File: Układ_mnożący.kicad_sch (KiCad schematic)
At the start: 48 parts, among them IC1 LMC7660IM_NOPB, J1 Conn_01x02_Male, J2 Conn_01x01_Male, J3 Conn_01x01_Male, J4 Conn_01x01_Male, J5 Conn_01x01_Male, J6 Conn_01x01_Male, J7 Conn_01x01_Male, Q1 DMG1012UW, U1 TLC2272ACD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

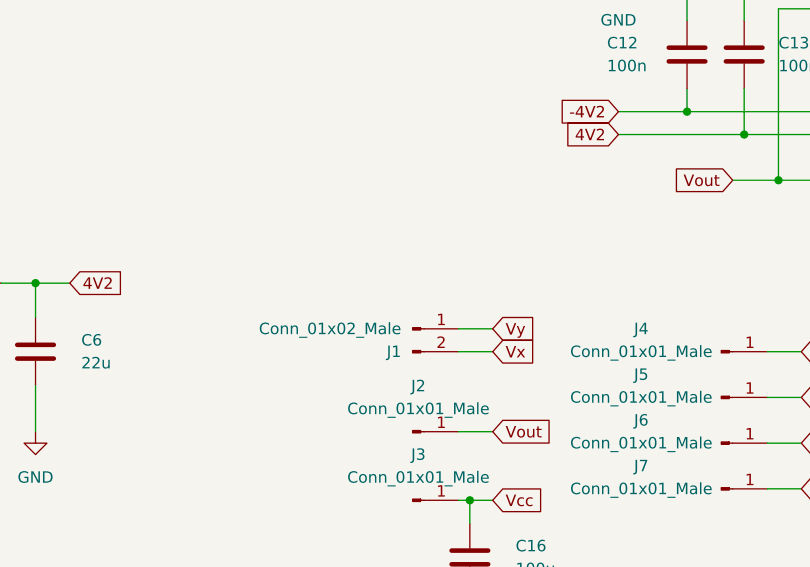
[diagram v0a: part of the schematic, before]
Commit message: Final Electrical Schematic v2
Added pinout to Vref
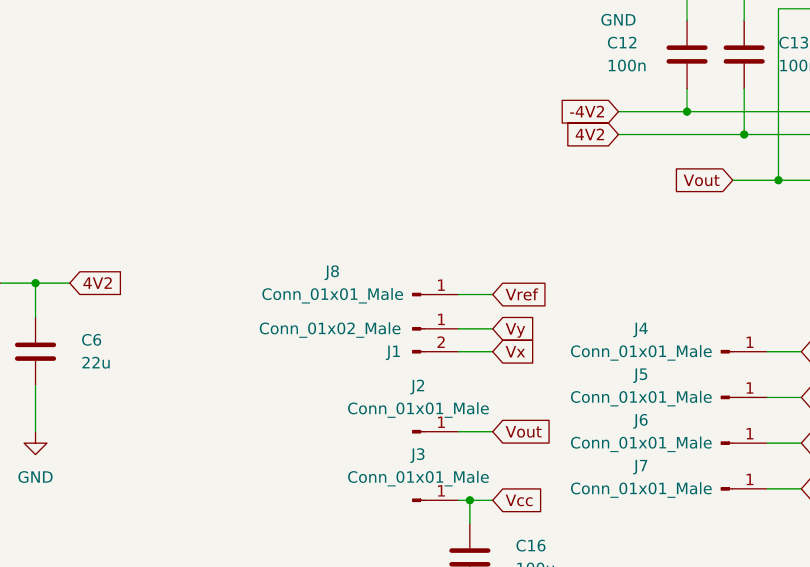
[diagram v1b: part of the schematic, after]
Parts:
- added J8: Conn_01x01_Male, Connector_PinHeader_2.54mm:PinHeader_1x01_P2.54mm_Vertical, symbol Connector:Conn_01x01_Male
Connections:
- net Vref: now also J8.1 (Pin_1)
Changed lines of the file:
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@@
+    (stroke (width 0) (type default) (color 0 0 0 0))
+  )
+  (wire (pts (xy 163.83 127) (xy 167.64 127))
     (stroke (width 0) (type default) (color 0 0 0 0))
   )
@@
     (effects (font (size 1.27 1.27)) (justify left))
     (property "Intersheet References" "${INTERSHEET_REFS}" (id 0) (at 175.1331 44.3706 0)
+      (effects (font (size 1.27 1.27)) (justify left) hide)
+    )
+  )
+  (global_label "Vref" (shape input) (at 167.64 127 0) (fields_autoplaced)
+    (effects (font (size 1.27 1.27)) (justify left))
+    (property "Intersheet References" "${INTERSHEET_REFS}" (id 0) (at 173.7421 127.0794 0)
       (effects (font (size 1.27 1.27)) (justify left) hide)
     )
@@
     (pin "1")
   )
+  (symbol (lib_id "Connector:Conn_01x01_Male") (at 158.75 127 0) (unit 1)
+    (in_bom yes) (on_board yes)
+    (property "Reference" "J8" (id 0) (at 149.86 124.46 0))
+    (property "Value" "Conn_01x01_Male" (id 1) (at 149.86 127 0))
+    (property "Footprint" "Connector_PinHeader_2.54mm:PinHeader_1x01_P2.54mm_Vertical" (id 2) (at 158.75 127 0)
+      (effects (font (size 1.27 1.27)) hide)
+    )
+    (property "Datasheet" "~" (id 3) (at 158.75 127 0)
+      (effects (font (size 1.27 1.27)) hide)
+    )
+    (pin "1")
+  )
   (symbol (lib_id "Device:C_Polarized") (at 68.58 173.99 0) (unit 1)
     (in_bom yes) (on_board yes)
@@
       (reference "J7") (unit 1) (value "Conn_01x01_Male") (footprint "Connector_PinHeader_2.54mm:PinHeader_1x01_P2.54mm_Vertical")
     )
+    (path "/b37af4b8-0d40-424b-bdeb-d476fc2c11ba"
+      (reference "J8") (unit 1) (value "Conn_01x01_Male") (footprint "Connector_PinHeader_2.54mm:PinHeader_1x01_P2.54mm_Vertical")
+    )
     (path "/65ff5319-9666-45f2-9ac3-4f23b299cea2"

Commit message: Final PCB design
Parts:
- removed J1: Conn_01x02_Male, Connector_PinHeader_2.54mm:PinHeader_1x02_P2.54mm_Vertical, symbol Connector:Conn_01x02_Male
- removed J3: Conn_01x01_Male, Connector_PinHeader_2.54mm:PinHeader_1x01_P2.54mm_Vertical, symbol Connector:Conn_01x01_Male
- added J1: Conn_01x01_Male, Connector_PinHeader_2.54mm:PinHeader_1x01_P2.54mm_Vertical, symbol Connector:Conn_01x01_Male
- added J3: Conn_01x02_Male, Connector_PinHeader_2.54mm:PinHeader_1x02_P2.54mm_Vertical, symbol Connector:Conn_01x02_Male
- C3, C5: footprint Capacitor_THT:CP_Radial_D5.0mm_P2.50mm -> Capacitor_SMD:C_1206_3216Metric_Pad1.33x1.80mm_HandSolder
- C6: footprint Capacitor_SMD:C_1206_3216Metric_Pad1.33x1.80mm_HandSolder -> Capacitor_Tantalum_SMD:CP_EIA-3528-21_Kemet-B
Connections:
- net GND: now also J3.1 (Pin_1)
- net V1: no longer RV2.3
- net Vcc: now also J3.2 (Pin_2)
- net Vref: no longer J8.1 (Pin_1), RV1.3
- net Vx: now also J8.1 (Pin_1)
- net Vy: now also J1.1 (Pin_1)
- net at R8.2, RV3.2: no longer RV3.1
- net at R10.1, RV4.2: no longer RV4.3
- no-connect marks 5 -> 9
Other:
- moved on the sheet: J7

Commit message: Final PCB design v2
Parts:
- added J9: Conn_01x01_Male, Connector_PinHeader_2.54mm:PinHeader_1x01_P2.54mm_Vertical, symbol Connector:Conn_01x01_Male
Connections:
- net -4V2: now also C13.2, U5.4 (VDD-/GND); no longer C12.2, U5.8 (VDD+)
- net 4V2: now also C12.2, U5.8 (VDD+); no longer C13.2, U5.4 (VDD-/GND)
- net Vref: now also J9.1 (Pin_1)
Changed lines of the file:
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@@
+    (stroke (width 0) (type default) (color 0 0 0 0))
+  )
+  (wire (pts (xy 200.66 153.67) (xy 201.93 153.67))
     (stroke (width 0) (type default) (color 0 0 0 0))
   )
@@
     )
   )
-  (global_label "4V2" (shape input) (at 181.61 109.22 180) (fields_autoplaced)
-    (effects (font (size 1.27 1.27)) (justify right))
-    (property "Intersheet References" "${INTERSHEET_REFS}" (id 0) (at 175.6893 109.2994 0)
-      (effects (font (size 1.27 1.27)) (justify right) hide)
-    )
-  )
   (global_label "-4V2" (shape input) (at 267.97 44.45 0) (fields_autoplaced)
     (effects (font (size 1.27 1.27)) (justify left))
@@
     )
   )
+  (global_label "-4V2" (shape input) (at 181.61 109.22 180) (fields_autoplaced)
+    (effects (font (size 1.27 1.27)) (justify right))
+    (property "Intersheet References" "${INTERSHEET_REFS}" (id 0) (at 174.1169 109.2994 0)
+      (effects (font (size 1.27 1.27)) (justify right) hide)
+    )
+  )
   (global_label "V4" (shape input) (at 255.27 114.3 0) (fields_autoplaced)
     (effects (font (size 1.27 1.27)) (justify left))
@@
     (effects (font (size 1.27 1.27)) (justify left))
     (property "Intersheet References" "${INTERSHEET_REFS}" (id 0) (at 175.1331 44.3706 0)
+      (effects (font (size 1.27 1.27)) (justify left) hide)
+    )
+  )
+  (global_label "Vref" (shape input) (at 201.93 153.67 0) (fields_autoplaced)
+    (effects (font (size 1.27 1.27)) (justify left))
+    (property "Intersheet References" "${INTERSHEET_REFS}" (id 0) (at 208.0321 153.7494 0)
       (effects (font (size 1.27 1.27)) (justify left) hide)
     )
@@
     )
   )
+  (global_label "4V2" (shape input) (at 181.61 106.68 180) (fields_autoplaced)
+    (effects (font (size 1.27 1.27)) (justify right))
+    (property "Intersheet References" "${INTERSHEET_REFS}" (id 0) (at 175.6893 106.7594 0)
+      (effects (font (size 1.27 1.27)) (justify right) hide)
+    )
+  )
   (global_label "Vout" (shape input) (at 167.64 142.24 0) (fields_autoplaced)
     (effects (font (size 1.27 1.27)) (justify left))
@@
     (property "Intersheet References" "${INTERSHEET_REFS}" (id 0) (at 36.7506 99.4893 90)
       (effects (font (size 1.27 1.27)) (justify left) hide)
-    )
-  )
-  (global_label "-4V2" (shape input) (at 181.61 106.68 180) (fields_autoplaced)
-    (effects (font (size 1.27 1.27)) (justify right))
-    (property "Intersheet References" "${INTERSHEET_REFS}" (id 0) (at 174.1169 106.7594 0)
-      (effects (font (size 1.27 1.27)) (justify right) hide)
     )
   )
@@
     (pin "1")
   )
+  (symbol (lib_id "Connector:Conn_01x01_Male") (at 195.58 153.67 0) (unit 1)
+    (in_bom yes) (on_board yes)
+    (property "Reference" "J9" (id 0) (at 186.69 151.13 0))
+    (property "Value" "Conn_01x01_Male" (id 1) (at 186.69 153.67 0))
+    (property "Footprint" "Connector_PinHeader_2.54mm:PinHeader_1x01_P2.54mm_Vertical" (id 2) (at 195.58 153.67 0)
+      (effects (font (size 1.27 1.27)) hide)
+    )
+    (property "Datasheet" "~" (id 3) (at 195.58 153.67 0)
+      (effects (font (size 1.27 1.27)) hide)
+    )
+    (pin "1")
+  )
   (symbol (lib_id "Device:R") (at 163.83 52.07 90) (unit 1)
     (in_bom yes) (on_board yes) (fields_autoplaced)
@@
       (reference "J8") (unit 1) (value "Conn_01x01_Male") (footprint "Connector_PinHeader_2.54mm:PinHeader_1x01_P2.54mm_Vertical")
     )
+    (path "/c9076186-9f2f-4344-a9b3-d8cd5c037540"
+      (reference "J9") (unit 1) (value "Conn_01x01_Male") (footprint "Connector_PinHeader_2.54mm:PinHeader_1x01_P2.54mm_Vertical")
+    )
     (path "/65ff5319-9666-45f2-9ac3-4f23b299cea2"

***

Using the material above, filter for lines holding "wire" and copy each one.

+  (wire (pts (xy 163.83 127) (xy 167.64 127))
+  (wire (pts (xy 200.66 153.67) (xy 201.93 153.67))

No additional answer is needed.